Stopped. Dropped the knob. Grabbed it again.
Leave him. You need to get out
of here.
My mother’s voice. And then, my father’s:
Nothing but bad luck. Nothing. Nothing.
“No,” I whispered.
No. I won’t.
I dropped the knob as if it was suddenly flaming hot. I
shook my head and backed up a step.
You won’t live in me. You won’t.
I won’t be a coward like you were.
“Melanie, go!”
I spun around. When I’d left him, I hadn’t shut the closet door
completely. It was open just enough for Andrew to have a direct line of sight
to the front door.
“Just get out!
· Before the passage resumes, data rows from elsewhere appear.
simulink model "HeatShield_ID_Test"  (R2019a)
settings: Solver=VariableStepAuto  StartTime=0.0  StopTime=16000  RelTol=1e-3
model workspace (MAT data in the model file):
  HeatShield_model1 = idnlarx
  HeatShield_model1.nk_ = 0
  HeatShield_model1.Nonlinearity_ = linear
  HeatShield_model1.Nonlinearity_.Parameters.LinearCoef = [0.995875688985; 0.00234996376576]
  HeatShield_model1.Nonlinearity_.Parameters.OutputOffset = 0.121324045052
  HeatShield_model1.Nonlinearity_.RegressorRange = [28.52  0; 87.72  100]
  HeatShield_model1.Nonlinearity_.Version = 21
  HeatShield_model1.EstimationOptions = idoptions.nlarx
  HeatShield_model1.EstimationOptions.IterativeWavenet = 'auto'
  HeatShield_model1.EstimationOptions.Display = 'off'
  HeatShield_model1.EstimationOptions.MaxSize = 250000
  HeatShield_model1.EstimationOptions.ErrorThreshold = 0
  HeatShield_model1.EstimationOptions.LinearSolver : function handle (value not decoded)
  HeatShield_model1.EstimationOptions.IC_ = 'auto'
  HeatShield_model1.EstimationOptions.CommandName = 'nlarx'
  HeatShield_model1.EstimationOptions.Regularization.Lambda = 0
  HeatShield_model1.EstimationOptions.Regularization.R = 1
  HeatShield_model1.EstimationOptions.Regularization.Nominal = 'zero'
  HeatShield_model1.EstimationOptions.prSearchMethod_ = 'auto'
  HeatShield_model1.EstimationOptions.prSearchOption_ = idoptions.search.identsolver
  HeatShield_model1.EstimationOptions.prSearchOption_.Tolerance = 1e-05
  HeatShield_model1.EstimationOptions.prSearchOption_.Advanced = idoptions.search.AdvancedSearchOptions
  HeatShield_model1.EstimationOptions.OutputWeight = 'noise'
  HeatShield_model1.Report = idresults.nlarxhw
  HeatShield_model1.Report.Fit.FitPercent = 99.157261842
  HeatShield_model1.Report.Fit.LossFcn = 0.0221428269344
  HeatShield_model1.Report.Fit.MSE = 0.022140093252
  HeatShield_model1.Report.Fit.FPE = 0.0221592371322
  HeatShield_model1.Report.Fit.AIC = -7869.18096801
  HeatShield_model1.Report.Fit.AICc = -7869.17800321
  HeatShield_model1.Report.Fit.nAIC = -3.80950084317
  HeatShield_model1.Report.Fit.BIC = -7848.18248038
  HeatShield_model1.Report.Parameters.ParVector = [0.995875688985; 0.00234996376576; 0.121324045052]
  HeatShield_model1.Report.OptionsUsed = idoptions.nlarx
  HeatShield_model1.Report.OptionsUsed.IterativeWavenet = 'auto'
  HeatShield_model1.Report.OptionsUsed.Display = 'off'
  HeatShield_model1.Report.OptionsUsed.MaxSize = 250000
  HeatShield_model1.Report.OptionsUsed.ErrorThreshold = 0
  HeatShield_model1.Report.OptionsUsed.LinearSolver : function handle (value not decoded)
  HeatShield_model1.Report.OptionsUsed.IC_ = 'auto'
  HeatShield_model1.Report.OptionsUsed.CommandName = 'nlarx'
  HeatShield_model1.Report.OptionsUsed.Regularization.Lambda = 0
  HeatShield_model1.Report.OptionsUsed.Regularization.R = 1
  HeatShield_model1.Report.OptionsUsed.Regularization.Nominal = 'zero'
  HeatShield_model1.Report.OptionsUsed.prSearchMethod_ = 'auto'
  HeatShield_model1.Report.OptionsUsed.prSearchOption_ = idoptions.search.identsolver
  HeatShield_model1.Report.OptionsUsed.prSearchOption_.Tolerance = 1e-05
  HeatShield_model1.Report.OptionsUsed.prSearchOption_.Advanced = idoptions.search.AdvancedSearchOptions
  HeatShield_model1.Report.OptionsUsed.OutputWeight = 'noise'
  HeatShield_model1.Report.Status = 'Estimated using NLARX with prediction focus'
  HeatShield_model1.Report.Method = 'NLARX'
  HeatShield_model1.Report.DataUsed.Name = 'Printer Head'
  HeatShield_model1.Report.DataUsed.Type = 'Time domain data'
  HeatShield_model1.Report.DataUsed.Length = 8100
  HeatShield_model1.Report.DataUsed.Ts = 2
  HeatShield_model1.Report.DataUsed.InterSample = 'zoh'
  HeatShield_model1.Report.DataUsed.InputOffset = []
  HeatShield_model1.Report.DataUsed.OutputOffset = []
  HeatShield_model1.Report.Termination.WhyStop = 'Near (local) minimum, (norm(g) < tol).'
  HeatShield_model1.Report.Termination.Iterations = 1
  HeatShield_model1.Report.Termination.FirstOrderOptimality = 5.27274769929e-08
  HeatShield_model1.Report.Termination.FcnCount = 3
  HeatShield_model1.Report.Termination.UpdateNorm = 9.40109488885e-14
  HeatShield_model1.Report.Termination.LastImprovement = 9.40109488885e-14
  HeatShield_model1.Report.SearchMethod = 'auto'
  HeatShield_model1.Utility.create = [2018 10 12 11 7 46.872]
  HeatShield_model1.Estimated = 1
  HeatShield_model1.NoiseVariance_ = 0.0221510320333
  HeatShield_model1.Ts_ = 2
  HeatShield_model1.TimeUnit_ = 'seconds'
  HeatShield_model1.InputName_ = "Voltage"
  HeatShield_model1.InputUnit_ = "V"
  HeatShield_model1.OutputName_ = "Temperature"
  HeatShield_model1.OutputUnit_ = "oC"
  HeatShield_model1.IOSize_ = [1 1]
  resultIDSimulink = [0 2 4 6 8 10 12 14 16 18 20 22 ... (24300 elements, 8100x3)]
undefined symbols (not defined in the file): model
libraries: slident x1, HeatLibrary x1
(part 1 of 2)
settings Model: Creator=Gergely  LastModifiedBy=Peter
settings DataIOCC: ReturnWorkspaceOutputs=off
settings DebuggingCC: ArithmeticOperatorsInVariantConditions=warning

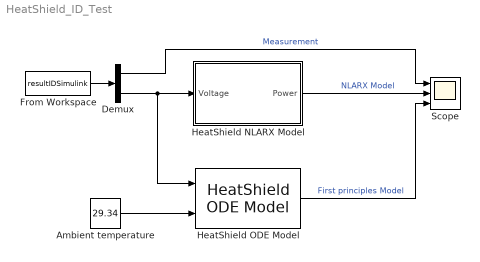
== system HeatShield_ID_Test ==
  Ambient temperature : Constant  Value=29.34
  Demux : Demux  Outputs=2
  From Workspace : FromWorkspace  VariableName=resultIDSimulink  SampleTime=2
      settings: OpenFcn=load resultIDSimulink
  HeatShield NLARX Model : Subsystem
      mask DialogControl DescGroupVar Prompt: HeatShield Nonlinear ARX model
      mask DialogControl DescTextVar Prompt: The block represents the HeatShield device. It accepts an input signal for powering the heating cartridge in the range of 0-100% and outputs a sensor reading in degrees Celsius.
      mask Display: image('HeatShield_NLARX.svg');
  HeatShield ODE Model : HeatLibrary/HeatShield ODE Model  mc=model.Parameters(2).Value  hA=model.Parameters(1).Value  VR=model.Parameters(3).Value
      settings: SourceProductName=AutomationShield
  Scope : Scope  NumInputPorts=3
  wires:
  From Workspace/1 -> Demux/1
  Demux/2 -> HeatShield ODE Model/1, HeatShield NLARX Model/1(Voltage)
  HeatShield NLARX Model/1(Power) -> Scope/2  "NLARX Model"
  Demux/1 -> Scope/1  "Measurement"
  HeatShield ODE Model/1 -> Scope/3  "First principles Model"
  Ambient temperature/1 -> HeatShield ODE Model/2

Now!” He tried to shout, but he had lost the
strength.
“No,” I said.
“Please go!”
“No!” I cried.
“Then call the police.”
“What?”
He kicked open the door and glared at me from the shadows. “I’m
not going to see you hurt. Call them!”
“No!”
I threw my purse on the table near the door and turned to
look at the room.
What can I do? What?
I couldn’t fight them physically, but I wouldn’t call the
police. We hadn’t needed the police at the airport anyway.
The airport! Yes!
I scanned the room again and my eyes fell on the dinner
cart.
Yes! It’ll work.
I ran across, picked up the receiver, ran a finger down the
card near the phone, and started punching in numbers. “Room Service? This is
Melanie Brenner in room 1702. I just received my dinner. There is a cockroach
in the salad. Yes a cockroach. I want someone up here
right
now
,
understand me? Good!”
“Front Desk? I just went to turn on the shower and the damn
thing practically exploded in my face! There’s water squirting everywhere
flooding out into the room and the faucet won’t turn off. Get somebody up here!”